- Origin: Winneway, Quebec
- Genres: Electronic house, First Nations music
- Members: Kevin "Flying Down Thunder" Chief DJ Eric "Rise Ashen" Vani

= Flying Down Thunder and Rise Ashen =

Flying Down Thunder and Rise Ashen are a Canadian electronic music duo based in Ottawa, Ontario, who blend electronic house music with traditional First Nations music. Their album One Nation was a shortlisted Juno Award nominee for Aboriginal Album of the Year at the Juno Awards of 2012.
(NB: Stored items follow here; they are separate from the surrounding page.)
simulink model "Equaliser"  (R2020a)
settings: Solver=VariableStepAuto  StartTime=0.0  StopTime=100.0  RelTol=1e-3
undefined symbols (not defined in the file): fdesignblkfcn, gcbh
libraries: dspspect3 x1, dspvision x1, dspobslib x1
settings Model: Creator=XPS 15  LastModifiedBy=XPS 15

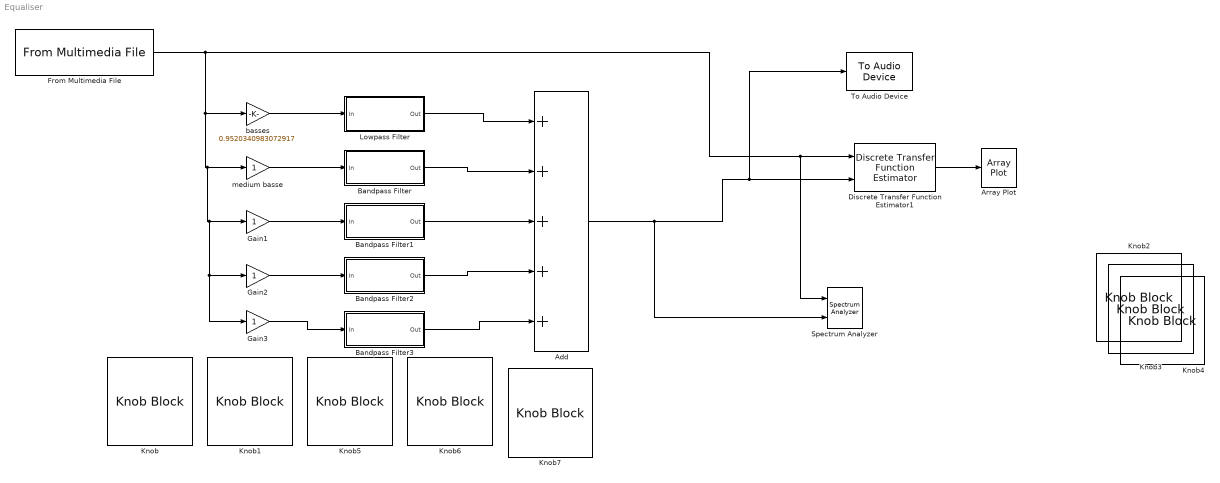
== system Equaliser ==
  Add : Sum  Inputs=+++++
  Array Plot : ArrayPlot
  Bandpass Filter : Subsystem  DialogController=fdesignblkfcn  InitFcn=fdesignblkfcn(gcbh, {'InitFcn'});  mask(Bandpass Filter){}
      mask help: Design a bandpass filter
      settings: CopyFcn=fdesignblkfcn(gcbh, {'CopyFcn'});
      mask Help: helpview(mapfilelocation('dsp'), 'dspbandpassfilter');
      mask Display: disp('Bandpass');
  Bandpass Filter1 : Subsystem  DialogController=fdesignblkfcn  InitFcn=fdesignblkfcn(gcbh, {'InitFcn'});  mask(Bandpass Filter){}
      mask help: Design a bandpass filter
      settings: CopyFcn=fdesignblkfcn(gcbh, {'CopyFcn'});
      mask Help: helpview(mapfilelocation('dsp'), 'dspbandpassfilter');
      mask Display: disp('Bandpass');
  Bandpass Filter2 : Subsystem  DialogController=fdesignblkfcn  InitFcn=fdesignblkfcn(gcbh, {'InitFcn'});  mask(Bandpass Filter){}
      mask help: Design a bandpass filter
      settings: CopyFcn=fdesignblkfcn(gcbh, {'CopyFcn'});
      mask Help: helpview(mapfilelocation('dsp'), 'dspbandpassfilter');
      mask Display: disp('Bandpass');
  Bandpass Filter3 : Subsystem  DialogController=fdesignblkfcn  InitFcn=fdesignblkfcn(gcbh, {'InitFcn'});  mask(Bandpass Filter){}
      mask help: Design a bandpass filter
      settings: CopyFcn=fdesignblkfcn(gcbh, {'CopyFcn'});
      mask Help: helpview(mapfilelocation('dsp'), 'dspbandpassfilter');
      mask Display: disp('Bandpass');
  Discrete Transfer Function Estimator1 : dspspect3/Discrete Transfer Function Estimator  WindowMode=Specify on dialog  WindowLength=1024  Overlap=50  AveragingMethod=Running  ForgettingFactorPort=off  ForgettingFactor=0.9  SpectralAverages=100  FFTLengthSource=Auto  FFTLength=128  Window=Hann  SidelobeAttenuation=60  FrequencyRange=One-sided  OutputCoherence=off  SimulateUsing=Code generation
      settings: SourceProductBaseCode=DS
  From Multimedia File : dspvision/From Multimedia File  inputFilename=C:\Users\XPS 15\Desktop\L05 Sorbonne\images\Son\Projet\guitare.wav  readRange=[1 Inf]  loop=on  numPlays=inf  outputStreams=Audio only  videoDataType=single  audioDataType=double  inheritSampleTime=on  userDefinedSampleTime=1/30  noAudioOutput=off  isIntensityVideo=off  fourcc=RGB  colorVideoFormat=Separate color signals  outputEOF=off  dataOrg=Column-major  audioFrameSize=11025  computeAudioFrameSize=off  outSamplingMode=Sample based
  Gain1 : Gain
  Gain2 : Gain
  Gain3 : Gain
  Knob{,1,5..7} (5 alike) : KnobBlock  ScaleMax=1
  Knob2 : KnobBlock
  Knob3 : KnobBlock
  Knob4 : KnobBlock
  Lowpass Filter : Subsystem  DialogController=fdesignblkfcn  InitFcn=fdesignblkfcn(gcbh, {'InitFcn'});  mask(Lowpass Filter){}
      mask help: Design a lowpass filter
      settings: CopyFcn=fdesignblkfcn(gcbh, {'CopyFcn'});
      mask Help: helpview(mapfilelocation('dsp'), 'dsplowpassfilter');
      mask Display: disp('Lowpass')
  Spectrum Analyzer : SpectrumAnalyzer  NumInputPorts=2
  To Audio Device : dspobslib/To Audio Device  deviceName=Default  inheritSampleRate=on  sampleRate=44100  deviceDatatype=Determine from input data type  autoBufferSize=on  bufferSize=4096  queueDuration=1.0  defaultOutputChannelMapping=on  outputChannelMapping=1:2  outputNumUnderrunSamples=off
      settings: SourceProductBaseCode=DS
  basses : Gain  Gain=0.9520340983072917
  medium basse : Gain
  wires:
  From Multimedia File/1 -> Gain3/1, Gain2/1, Gain1/1, medium basse/1, basses/1, Spectrum Analyzer/1, Discrete Transfer Function Estimator1/1
  Discrete Transfer Function Estimator1/1 -> Array Plot/1
  Bandpass Filter2/1(Out) -> Add/4
  Lowpass Filter/1(Out) -> Add/1
  Bandpass Filter/1(Out) -> Add/2
  Bandpass Filter1/1(Out) -> Add/3
  Add/1 -> Spectrum Analyzer/2, To Audio Device/1, Discrete Transfer Function Estimator1/2
  basses/1 -> Lowpass Filter/1(In)
  medium basse/1 -> Bandpass Filter/1(In)
  Gain1/1 -> Bandpass Filter1/1(In)
  Gain2/1 -> Bandpass Filter2/1(In)
  Gain3/1 -> Bandpass Filter3/1(In)
  Bandpass Filter3/1(Out) -> Add/5

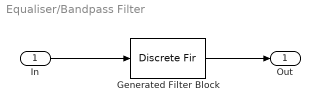
== system Equaliser/Bandpass Filter ==
  In : Inport
  Generated Filter Block : DiscreteFir  Tag=BlockMethodSubSystem  Coefficients=[0.0203951895353563437 0.0105270395880383734 0.00102609416191840616 -0.00105638581872127693 0.0103630090032638365 0.019415288736150612 0.00983620951138712736 -0.00777295666343813963 -0.00799308481954388687 0.00992847112640252161 0.0156072059452413477 -0.00813260066507140444 -0.0338743714257357525 -0.0259768787159957264 0.00154804325119133881 -0.00212638512934792707 -0.0472890105468602717 -0.076238130825818165 -0.0433792974890072763 0.00370068499008208629 -0.0239510735780798616 -0.118018766943639497 -0.143446554112368119 0.00585984642262463336 0.24727995264986749 0.366139803324822433 0.24727995264986749 0.00585984642262463336 -0.143446554112368119 -0.118018766943639497 -0.0239510735780798616 0.00370068499008208629 -0.0433792974890072763 -0.076238130825818165 -0.0472890105468602717 -0.00212638512934792707 0.00154804325119133881 -0.0259768787159957264 -0.0338743714257357525 -0.00813260066507140444 0.0156072059452413477 0.00992847112640252161 -0.00799308481954388687 -0.00777295666343813963 0.00983620951138712736 0.019415288736150612 0.0103630090032638365 -0.00105638581872127693 0.00102609416191840616 0.0105270395880383734 0.0203951895353563437]  InputProcessing=Columns as channels (frame based)
  Out : Outport
  wires:
  Generated Filter Block/1 -> Out/1
  In/1 -> Generated Filter Block/1

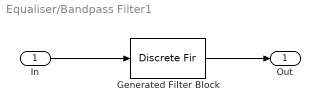
== system Equaliser/Bandpass Filter1 ==
  In : Inport
  Generated Filter Block : DiscreteFir  Tag=BlockMethodSubSystem  Coefficients=[0.00135877272117858848 0.00509218721067843973 -0.00107535442758440879 0.000709082871088827249 0.000222922703759563474 -0.00846638313535847536 -0.00454201081853635846 0.0137730039030066424 0.0095749613740041227 -0.00837718850712794449 -0.00338280231013474977 -0.00341278122921825043 -0.0196864163133547675 0.00632288751786394716 0.0433596688516629664 0.00486449262220048015 -0.0375113620465250541 -0.00772055466820894404 -0.00938074169701247872 -0.0333704038935819097 0.0673859704006575244 0.126474928606283954 -0.0849038664324290315 -0.22862219075809434 0.0385802579943139989 0.273354590512590645 0.0385802579943139989 -0.22862219075809434 -0.0849038664324290315 0.126474928606283954 0.0673859704006575244 -0.0333704038935819097 -0.00938074169701247872 -0.00772055466820894404 -0.0375113620465250541 0.00486449262220048015 0.0433596688516629664 0.00632288751786394716 -0.0196864163133547675 -0.00341278122921825043 -0.00338280231013474977 -0.00837718850712794449 0.0095749613740041227 0.0137730039030066424 -0.00454201081853635846 -0.00846638313535847536 0.000222922703759563474 0.000709082871088827249 -0.00107535442758440879 0.00509218721067843973 0.00135877272117858848]  InputProcessing=Columns as channels (frame based)
  Out : Outport
  wires:
  Generated Filter Block/1 -> Out/1
  In/1 -> Generated Filter Block/1

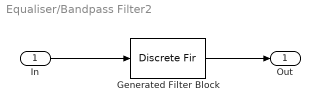
== system Equaliser/Bandpass Filter2 ==
  In : Inport
  Generated Filter Block : DiscreteFir  Tag=BlockMethodSubSystem  Coefficients=[0.00099985025894186539 -0.00689822537468701927 0.00679631455291792447 -0.00532269753112438702 0.00203354292113842698 -0.00177505112775096295 0.00740645273183580203 -0.0163789916372325157 0.021590209858332321 -0.017819304154848066 0.00813318651443768574 -0.00316427909481966415 0.0118405613274002695 -0.0311071986721033616 0.0455113754877628229 -0.0398870549286385601 0.0156089237811597378 0.00559365238182654885 0.00228146665188617981 -0.0439220412312785885 0.0899637344990159016 -0.0923794146506985575 0.0206924028811565457 0.108231784323620975 -0.232858021465985332 0.284346942980266304 -0.232858021465985332 0.108231784323620975 0.0206924028811565457 -0.0923794146506985575 0.0899637344990159016 -0.0439220412312785885 0.00228146665188617981 0.00559365238182654885 0.0156089237811597378 -0.0398870549286385601 0.0455113754877628229 -0.0311071986721033616 0.0118405613274002695 -0.00316427909481966415 0.00813318651443768574 -0.017819304154848066 0.021590209858332321 -0.0163789916372325157 0.00740645273183580203 -0.00177505112775096295 0.00203354292113842698 -0.00532269753112438702 0.00679631455291792447 -0.00689822537468701927 0.00099985025894186539]  InputProcessing=Columns as channels (frame based)
  Out : Outport
  wires:
  Generated Filter Block/1 -> Out/1
  In/1 -> Generated Filter Block/1

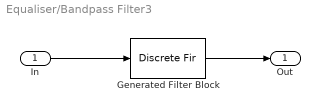
== system Equaliser/Bandpass Filter3 ==
  In : Inport
  Generated Filter Block : DiscreteFir  Tag=BlockMethodSubSystem  Coefficients=[-0.00375672239269892903 0.00391580605713855862 0.00181116792460870538 0.00103291782042095183 -0.00162250139777729736 -0.00494051707968386992 0.0133720527368652049 -0.00334940143374779647 -0.0128223380434725164 0.0108460428469768361 0.000355528521909860844 0.00710741211822148514 -0.0146546247891593644 -0.0126887099016466387 0.0437597799111126423 -0.020936068437688915 -0.024343302492758543 0.0192295475289383233 0.00191329935289041549 0.0434629922595457449 -0.0861446300376062929 -0.0190929314106859163 0.190948244955503804 -0.157907186640566133 -0.108815954249417438 0.273283445577948481 -0.108815954249417438 -0.157907186640566133 0.190948244955503804 -0.0190929314106859163 -0.0861446300376062929 0.0434629922595457449 0.00191329935289041549 0.0192295475289383233 -0.024343302492758543 -0.020936068437688915 0.0437597799111126423 -0.0126887099016466387 -0.0146546247891593644 0.00710741211822148514 0.000355528521909860844 0.0108460428469768361 -0.0128223380434725164 -0.00334940143374779647 0.0133720527368652049 -0.00494051707968386992 -0.00162250139777729736 0.00103291782042095183 0.00181116792460870538 0.00391580605713855862 -0.00375672239269892903]  InputProcessing=Columns as channels (frame based)
  Out : Outport
  wires:
  Generated Filter Block/1 -> Out/1
  In/1 -> Generated Filter Block/1

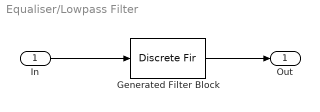
== system Equaliser/Lowpass Filter ==
  In : Inport
  Generated Filter Block : DiscreteFir  Tag=BlockMethodSubSystem  Coefficients=[0.0740309425242378499 0.124494427598271798 -0.093660668811036546 0.00353679654821630876 -0.0378371530414057661 -0.0188276332392776184 -0.0262748234084314511 -0.0215713453365450232 -0.0214622703311879263 -0.0183611187364709147 -0.0152012772330087659 -0.0105485338068202171 -0.00502574439809432092 0.00162565823437747542 0.00915466087540308705 0.0174276643141721595 0.0263462007241276955 0.0355335578879064085 0.0446937311668279755 0.053639583934940907 0.0617260422936317873 0.0686348042911524708 0.0745806601326779867 0.0790514574903630474 0.0817954229985850545 0.0824990424393100136 0.0817954229985850545 0.0790514574903630474 0.0745806601326779867 0.0686348042911524708 0.0617260422936317873 0.053639583934940907 0.0446937311668279755 0.0355335578879064085 0.0263462007241276955 0.0174276643141721595 0.00915466087540308705 0.00162565823437747542 -0.00502574439809432092 -0.0105485338068202171 -0.0152012772330087659 -0.0183611187364709147 -0.0214622703311879263 -0.0215713453365450232 -0.0262748234084314511 -0.0188276332392776184 -0.0378371530414057661 0.00353679654821630876 -0.093660668811036546 0.124494427598271798 0.0740309425242378499]  InputProcessing=Columns as channels (frame based)
  Out : Outport
  wires:
  Generated Filter Block/1 -> Out/1
  In/1 -> Generated Filter Block/1

The band's members are vocalist Kevin "Flying Down Thunder" Chief and DJ Eric "Rise Ashen" Vani.

==History==
Chief, an Algonquin member of the Long Point First Nation people from Winneway, Quebec, works as an aboriginal self-government negotiator for the Canadian government department of Aboriginal Affairs and Northern Development, while Vani works as a real estate agent. The two met when Vani heard Chief performing during Ottawa's Winterlude.

Chief and Vani collaborated to create an album which combined urban electronic music with traditional indigenous rhythms and chants, and stories. The album, One Nation, was released in 2011 on the Balanced label. The album appeared on the !earshot Campus and Community National Top 50 Albums chart in January, 2012 and that year was nominated for a Juno Award for Aboriginal Album of the Year.

==Other collaborations==
Chief has also collaborated on music with Eagle & Hawk, and recorded an album in 2013 with his daughter Amber Asp-Chief under the band name Mazinikijik Singers. He won a Native American Music Award for Best Producer in 2014 for that album.

Vani has also collaborated with Ammoye on the 2010 album Haffi Win, and with Inuit musicians Cynthia Pitsiulak and Charlotte Qamaniq in the project Silla + Rise, whose album Debut was a Juno Award nominee for Indigenous Music Album of the Year at the Juno Awards of 2017.